The smallest α was at the 4-o'clock position (right 50° ± 6°, left 52° ± 9°), significant difference were seen when compared with the 6-o'clock position (t = 10.466, P = 0.000) or the 5-o'clock position (t = 3.754, P = 0.003), no significant difference exist between 4-o'clock position and 3-o'clock posion (t = 0.926, P = 0.374). The smallest β was at the 3-o'clock position (right 50° ± 6°, left 53° ± 10°), significant difference were seen when compared with the 6-o'clock position (t = 9.862, P = 0.000) or the 5-o'clock position (t = 3.634, P = 0.003), no significant difference exist between 4-o'clock position and 3-o'clock posion (t = 0.697, P = 0.501). Asymmetric morphology of the glenoid was noted with an almost straight line extending medially from the rim at the 3-o'clock position, whereas a concave morthology was noted at the 9-o'clock position. Similary at the 4- and 5-o'clock position, the scapular bony surface did not curve toward the base as markedly as it did at the corresponding posterior 8- and 7-o'clock position. Angle γ from the 3-o'clock to the 9-o'clock were 25° ± 4°, 54° ± 6°, 83° ± 4°, 119° ± 2° at right side, 23° ± 4°, 57° ± 4°, 89° ± 7°, 119° ± 4° at left side. No significant difference of any angle at the same position was noted between left and right (α:t = 0.283-1.785, P > 0.05;β:t = 0.369-2.067, P > 0.05;γ:t = 0.145-0.492, P > 0.05).
The available bone mass for the anchor insertion is found to vary depending on the position of the glenoid rim. The smallest inner and outer glenoid rim angle are at the 4- and 3-o'clock position. The minimum insertion angles of anchor differ at different position. Both rim angle and glenoid morthology for each position must be considered when selecting the ideal anchor insertion angle for Bankart repair. Meanwhile, minimum insertion angle of anchor should also be considered before anchor insertion.
研究肩胛盂边缘的正常骨质解剖结构,测量肩胛盂内缘角和外缘角,以及关节镜下盂唇修复时锚钉成功置入的角度。
选取12个无创伤迹象的未配对离体人肩胛盂(6个右侧,6个左侧)用于研究。使用320层CT(Aquilion ONE)对肩胛盂标本进行扫描,然后使用Materialise的交互式医学图像控制系统(Mimics)将肩胛盂重建为三维模型,并获取6个不同平面的横断面图像,右侧肩胛盂边缘按顺时针标记,左侧按逆时针标记。从肩胛盂在8个位置(2点、3点、4点、5点、6点、7点、8点和9点位置)的横断面图像中测量标记为α角的肩胛盂内缘角和标记为β角的肩胛盂外缘角。记录每个位置的肩胛盂形态。以12 mm为半径,测量锚钉的最小置入角度,标记为γ角。用Kolmogorov-Smirnov检验确认数据的正态分布。采用配对t检验检测两个位置之间角度的差异。采用两独立样本t检验检测左右相同位置之间角度的差异。
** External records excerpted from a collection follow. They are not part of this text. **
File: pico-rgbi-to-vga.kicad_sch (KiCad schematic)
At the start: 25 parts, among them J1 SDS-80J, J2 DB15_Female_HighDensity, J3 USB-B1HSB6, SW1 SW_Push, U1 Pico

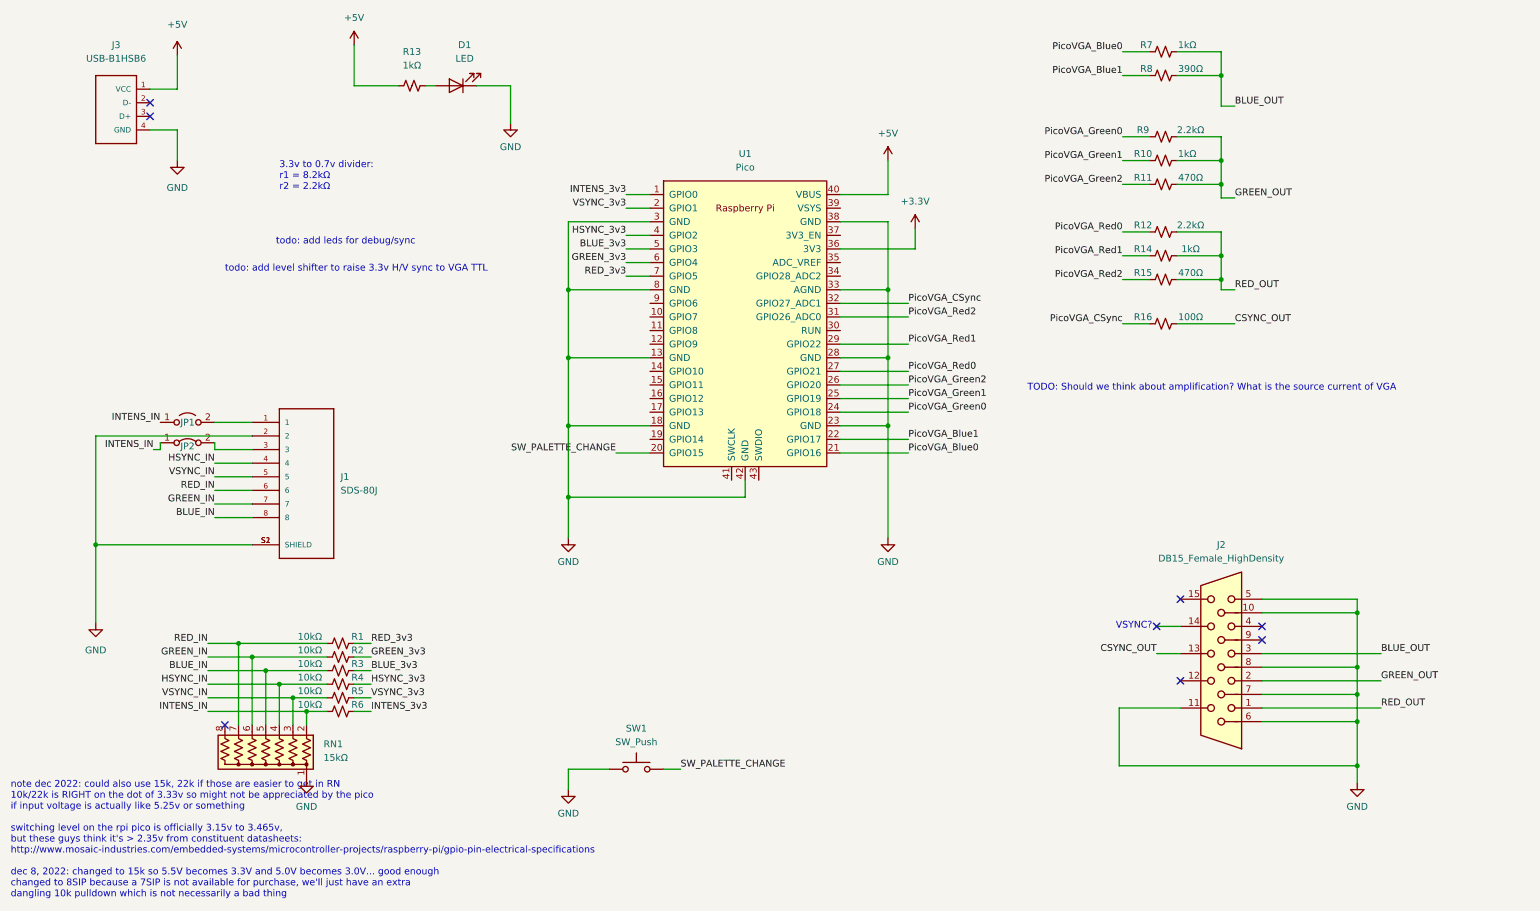
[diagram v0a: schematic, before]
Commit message: Fix VGA output pins to use GPIOs that exist
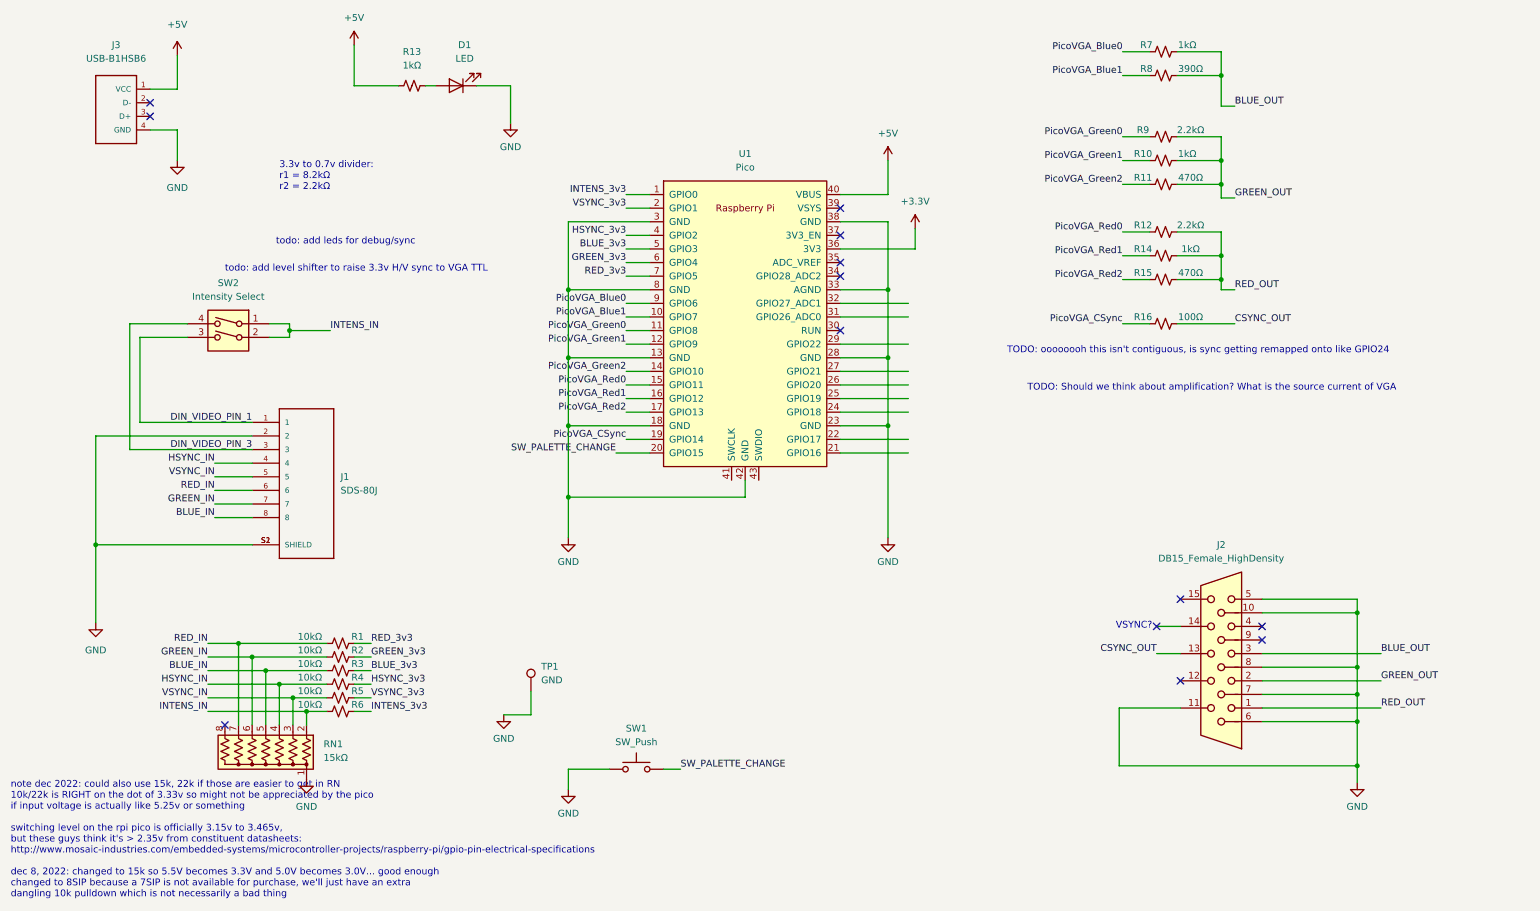
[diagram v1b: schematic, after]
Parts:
- removed JP1: Jumper_2_Open, Jumper:SolderJumper-2_P1.3mm_Open_RoundedPad1.0x1.5mm, symbol Jumper:Jumper_2_Open
- removed JP2: Jumper_2_Bridged, Jumper:SolderJumper-2_P1.3mm_Bridged_RoundedPad1.0x1.5mm, symbol Jumper:Jumper_2_Bridged
- added SW2: Intensity Select, Button_Switch_THT:SW_DIP_SPSTx02_Slide_6.7x6.64mm_W7.62mm_P2.54mm_LowProfile, symbol Switch:SW_DIP_x02
- added TP1: GND, TestPoint:TestPoint_Loop_D2.54mm_Drill1.5mm_Beaded, symbol Connector:TestPoint
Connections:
- net GND: now also TP1.1
- net INTENS_IN: now also SW2.1, SW2.2
- net PicoVGA_Blue0: now also U1.9 (GPIO6); no longer U1.21 (GPIO16)
- net PicoVGA_Blue1: now also U1.10 (GPIO7); no longer U1.22 (GPIO17)
- net PicoVGA_CSync: now also U1.19 (GPIO14); no longer U1.32 (GPIO27_ADC1)
- net PicoVGA_Green0: now also U1.11 (GPIO8); no longer U1.24 (GPIO18)
- net PicoVGA_Green1: now also U1.12 (GPIO9); no longer U1.25 (GPIO19)
- net PicoVGA_Green2: now also U1.14 (GPIO10); no longer U1.26 (GPIO20)
- net PicoVGA_Red0: now also U1.15 (GPIO11); no longer U1.27 (GPIO21)
- net PicoVGA_Red1: now also U1.16 (GPIO12); no longer U1.29 (GPIO22)
- net PicoVGA_Red2: now also U1.17 (GPIO13); no longer U1.31 (GPIO26_ADC0)
- net DIN_VIDEO_PIN_3: now reaches J1.3
- net DIN_VIDEO_PIN_3: now also SW2.4
- net DIN_VIDEO_PIN_1: now reaches J1.1
- net DIN_VIDEO_PIN_1: now also SW2.3
- no-connect marks 8 -> 13
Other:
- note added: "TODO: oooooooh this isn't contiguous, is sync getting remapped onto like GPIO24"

采用方差分析(ANOVA)检测左右之间以及肩胛盂边缘不同位置之间角度的差异。
最小的α角在4点位置(右侧50°±6°,左侧52°±9°),与6点位置(t = 10.466,P = 0.000)或5点位置(t = 3.754,P = 0.003)相比有显著差异,4点位置与3点位置之间无显著差异(t = 0.926,P = 0.374)。最小的β角在3点位置(右侧50°±6°,左侧53°±10°),与6点位置(t = 9.862,P = 0.000)或5点位置(t = 3.634,P = 0.003)相比有显著差异,4点位置与3点位置之间无显著差异(t = 0.697,P = 0.501)。观察到肩胛盂形态不对称,在3点位置从边缘向内侧延伸几乎呈一条直线,而在9点位置呈凹形。同样在4点和5点位置,肩胛骨关节面不像在相应的后方8点和7点位置那样明显地向底部弯曲。右侧从3点到9点位置的γ角分别为25°±4°、54°±6°、83°±4°、119°±2°,左侧分别为23°±4°、57°±4°、89°±7°、119°±4°。左右相同位置的任何角度均无显著差异(α:t = 0.283 - 1.785,P > 0.05;β:t = 0.369 - 2.067,P > 0.05;γ:t = 0.145 - 0.492,P > 0.05)。
发现锚钉置入的可用骨量因肩胛盂边缘的位置而异。最小的肩胛盂内缘角和外缘角分别在4点和3点位置。锚钉的最小置入角度在不同位置有所不同。在为Bankart修复选择理想的锚钉置入角度时,必须考虑每个位置的边缘角度和肩胛盂形态。同时,在置入锚钉前也应考虑锚钉的最小置入角度。